Exercise instructions >>
Could you transcribe every record below exactly, leaving out the pictures?

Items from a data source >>
※ ※ ※
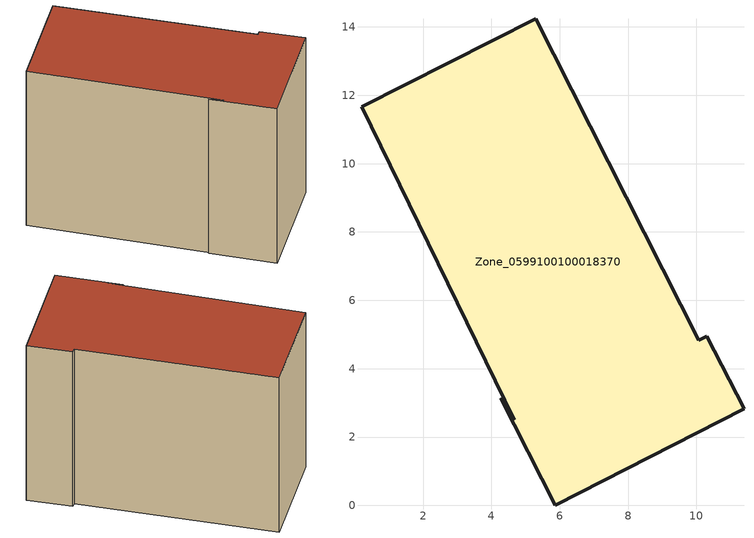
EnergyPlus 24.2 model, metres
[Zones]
Zone_0599100100018370
 floor ground (C_G): 4.67,2.5 0.2,11.66 5.29,14.24 10.07,4.83 10.3,4.94 11.39,2.82 5.87,0 4.27,3.14 z3.32
 wall outside (C_F): 11.39,2.82 10.3,4.94 10.07,4.83 5.29,14.24 0.2,11.66 4.67,2.5 4.27,3.14 5.87,0 11.39,2.82 z3.32:12.86
 roof outside (C_R): 0.2,11.66 4.67,2.5 4.27,3.14 5.87,0 11.39,2.82 10.3,4.94 10.07,4.83 5.29,14.24 z12.86
[BUILDING]
Pand.0599100100018370: North Axis=0; Terrain=City; Loads Convergence Tolerance Value=0.04; Temperature Convergence Tolerance Value=0.4; Solar Distribution=FullExterior; Maximum Number of Warmup Days=25; Minimum Number of Warmup Days=1
[Site:Location]
Rotterdam.The.Hague.AP_ZH_NLD Design_Conditions: Latitude=51.96; Longitude=4.45; Time Zone=1; Elevation=-4.5
[SITE:GROUNDTEMPERATURE:BUILDINGSURFACE]
18, 18, 18, 18, 18, 18, 18, 18, 18, 18, 18, 18
[MATERIAL] Thermal Absorptance=0.9; Solar Absorptance=0.7; Visible Absorptance=0.7
Name | Roughness | Thickness | Conductivity | Density | Specific Heat
G.TC.2015-2018 | MediumSmooth | 0.15 | 0.0428571 | 540 | 1210
F.TC.2015-2018 | Rough | 0.3 | 0.0666667 | 1920 | 840
R.TC.2015-2018 | MediumRough | 0.2 | 0.0333333 | 1500 | 1000
[CONSTRUCTION]
C_G: G.TC.2015-2018
C_F: F.TC.2015-2018
C_R: R.TC.2015-2018
[ZONE]
Zone_0599100100018370: Type=1; Multiplier=1; Ceiling Height=Autocalculate; Volume=Autocalculate; Floor Area=autocalculate; Part of Total Floor Area=Yes
[ZONEINFILTRATION:DESIGNFLOWRATE]
Infil_Zone_0599100100018370: Zone or ZoneList or Space or SpaceList=Zone_0599100100018370; Schedule=AlwaysOn; Design Flow Rate Calculation Method=Flow/Area; Flow Rate per Floor Area=0.0015; Constant Term Coefficient=1; Temperature Term Coefficient=0; Velocity Term Coefficient=0; Velocity Squared Term Coefficient=0
[HVACTEMPLATE:ZONE:IDEALLOADSAIRSYSTEM]
Zone_0599100100018370: Maximum Heating Supply Air Temperature=50; Minimum Cooling Supply Air Temperature=13; Maximum Heating Supply Air Humidity Ratio=0.0156; Minimum Cooling Supply Air Humidity Ratio=0.0077; Heating Limit=NoLimit; Cooling Limit=NoLimit; Dehumidification Control Type=ConstantSensibleHeatRatio; Cooling Sensible Heat Ratio=0.7; Dehumidification Setpoint=60; Humidification Control Type=None; Humidification Setpoint=30; Outdoor Air Method=None; Outdoor Air Flow Rate per Person=0.00944; Outdoor Air Flow Rate per Zone Floor Area=0; Outdoor Air Flow Rate per Zone=0; Demand Controlled Ventilation Type=None; Outdoor Air Economizer Type=NoEconomizer; Heat Recovery Type=None; Sensible Heat Recovery Effectiveness=0.7; Latent Heat Recovery Effectiveness=0.65
[ZONECONTROL:THERMOSTAT]
ThermostatControl_Zone_0599100100018370: Zone or ZoneList=Zone_0599100100018370; Control Type Schedule=DualSetpointControlType; Control 1=Thermostat_Zone_0599100100018370; Temperature Difference Between Cutout And Setpoint=0
[THERMOSTATSETPOINT:DUALSETPOINT]
Thermostat_Zone_0599100100018370: Heating Setpoint Temperature Schedule=HeatingSetpoint_Zone_0599100100018370; Cooling Setpoint Temperature Schedule=CoolingSetpoint_Zone_0599100100018370
[SCHEDULE:COMPACT]
HeatingSetpoint_Zone_0599100100018370: Through: 12/31, For: AllDays, Until: 24:00, 21
CoolingSetpoint_Zone_0599100100018370: Through: 12/31, For: AllDays, Until: 24:00, 24
DualSetpointControlType: Through: 12/31, For: AllDays, Until: 24:00, 4
AlwaysOn: Through: 12/31, For: AllDays, Until: 24:00, 1
※ ※ ※
Exercise solution >>
EnergyPlus 24.2 model, metres
[Zones]
Zone_0599100100018370
 floor ground (C_G): 4.67,2.5 0.2,11.66 5.29,14.24 10.07,4.83 10.3,4.94 11.39,2.82 5.87,0 4.27,3.14 z3.32
 wall outside (C_F): 11.39,2.82 10.3,4.94 10.07,4.83 5.29,14.24 0.2,11.66 4.67,2.5 4.27,3.14 5.87,0 11.39,2.82 z3.32:12.86
 roof outside (C_R): 0.2,11.66 4.67,2.5 4.27,3.14 5.87,0 11.39,2.82 10.3,4.94 10.07,4.83 5.29,14.24 z12.86
[BUILDING]
Pand.0599100100018370: North Axis=0; Terrain=City; Loads Convergence Tolerance Value=0.04; Temperature Convergence Tolerance Value=0.4; Solar Distribution=FullExterior; Maximum Number of Warmup Days=25; Minimum Number of Warmup Days=1
[Site:Location]
Rotterdam.The.Hague.AP_ZH_NLD Design_Conditions: Latitude=51.96; Longitude=4.45; Time Zone=1; Elevation=-4.5
[SITE:GROUNDTEMPERATURE:BUILDINGSURFACE]
18, 18, 18, 18, 18, 18, 18, 18, 18, 18, 18, 18
[MATERIAL] Thermal Absorptance=0.9; Solar Absorptance=0.7; Visible Absorptance=0.7
Name | Roughness | Thickness | Conductivity | Density | Specific Heat
G.TC.2015-2018 | MediumSmooth | 0.15 | 0.0428571 | 540 | 1210
F.TC.2015-2018 | Rough | 0.3 | 0.0666667 | 1920 | 840
R.TC.2015-2018 | MediumRough | 0.2 | 0.0333333 | 1500 | 1000
[CONSTRUCTION]
C_G: G.TC.2015-2018
C_F: F.TC.2015-2018
C_R: R.TC.2015-2018
[ZONE]
Zone_0599100100018370: Type=1; Multiplier=1; Ceiling Height=Autocalculate; Volume=Autocalculate; Floor Area=autocalculate; Part of Total Floor Area=Yes
[ZONEINFILTRATION:DESIGNFLOWRATE]
Infil_Zone_0599100100018370: Zone or ZoneList or Space or SpaceList=Zone_0599100100018370; Schedule=AlwaysOn; Design Flow Rate Calculation Method=Flow/Area; Flow Rate per Floor Area=0.0015; Constant Term Coefficient=1; Temperature Term Coefficient=0; Velocity Term Coefficient=0; Velocity Squared Term Coefficient=0
[HVACTEMPLATE:ZONE:IDEALLOADSAIRSYSTEM]
Zone_0599100100018370: Maximum Heating Supply Air Temperature=50; Minimum Cooling Supply Air Temperature=13; Maximum Heating Supply Air Humidity Ratio=0.0156; Minimum Cooling Supply Air Humidity Ratio=0.0077; Heating Limit=NoLimit; Cooling Limit=NoLimit; Dehumidification Control Type=ConstantSensibleHeatRatio; Cooling Sensible Heat Ratio=0.7; Dehumidification Setpoint=60; Humidification Control Type=None; Humidification Setpoint=30; Outdoor Air Method=None; Outdoor Air Flow Rate per Person=0.00944; Outdoor Air Flow Rate per Zone Floor Area=0; Outdoor Air Flow Rate per Zone=0; Demand Controlled Ventilation Type=None; Outdoor Air Economizer Type=NoEconomizer; Heat Recovery Type=None; Sensible Heat Recovery Effectiveness=0.7; Latent Heat Recovery Effectiveness=0.65
[ZONECONTROL:THERMOSTAT]
ThermostatControl_Zone_0599100100018370: Zone or ZoneList=Zone_0599100100018370; Control Type Schedule=DualSetpointControlType; Control 1=Thermostat_Zone_0599100100018370; Temperature Difference Between Cutout And Setpoint=0
[THERMOSTATSETPOINT:DUALSETPOINT]
Thermostat_Zone_0599100100018370: Heating Setpoint Temperature Schedule=HeatingSetpoint_Zone_0599100100018370; Cooling Setpoint Temperature Schedule=CoolingSetpoint_Zone_0599100100018370
[SCHEDULE:COMPACT]
HeatingSetpoint_Zone_0599100100018370: Through: 12/31, For: AllDays, Until: 24:00, 21
CoolingSetpoint_Zone_0599100100018370: Through: 12/31, For: AllDays, Until: 24:00, 24
DualSetpointControlType: Through: 12/31, For: AllDays, Until: 24:00, 4
AlwaysOn: Through: 12/31, For: AllDays, Until: 24:00, 1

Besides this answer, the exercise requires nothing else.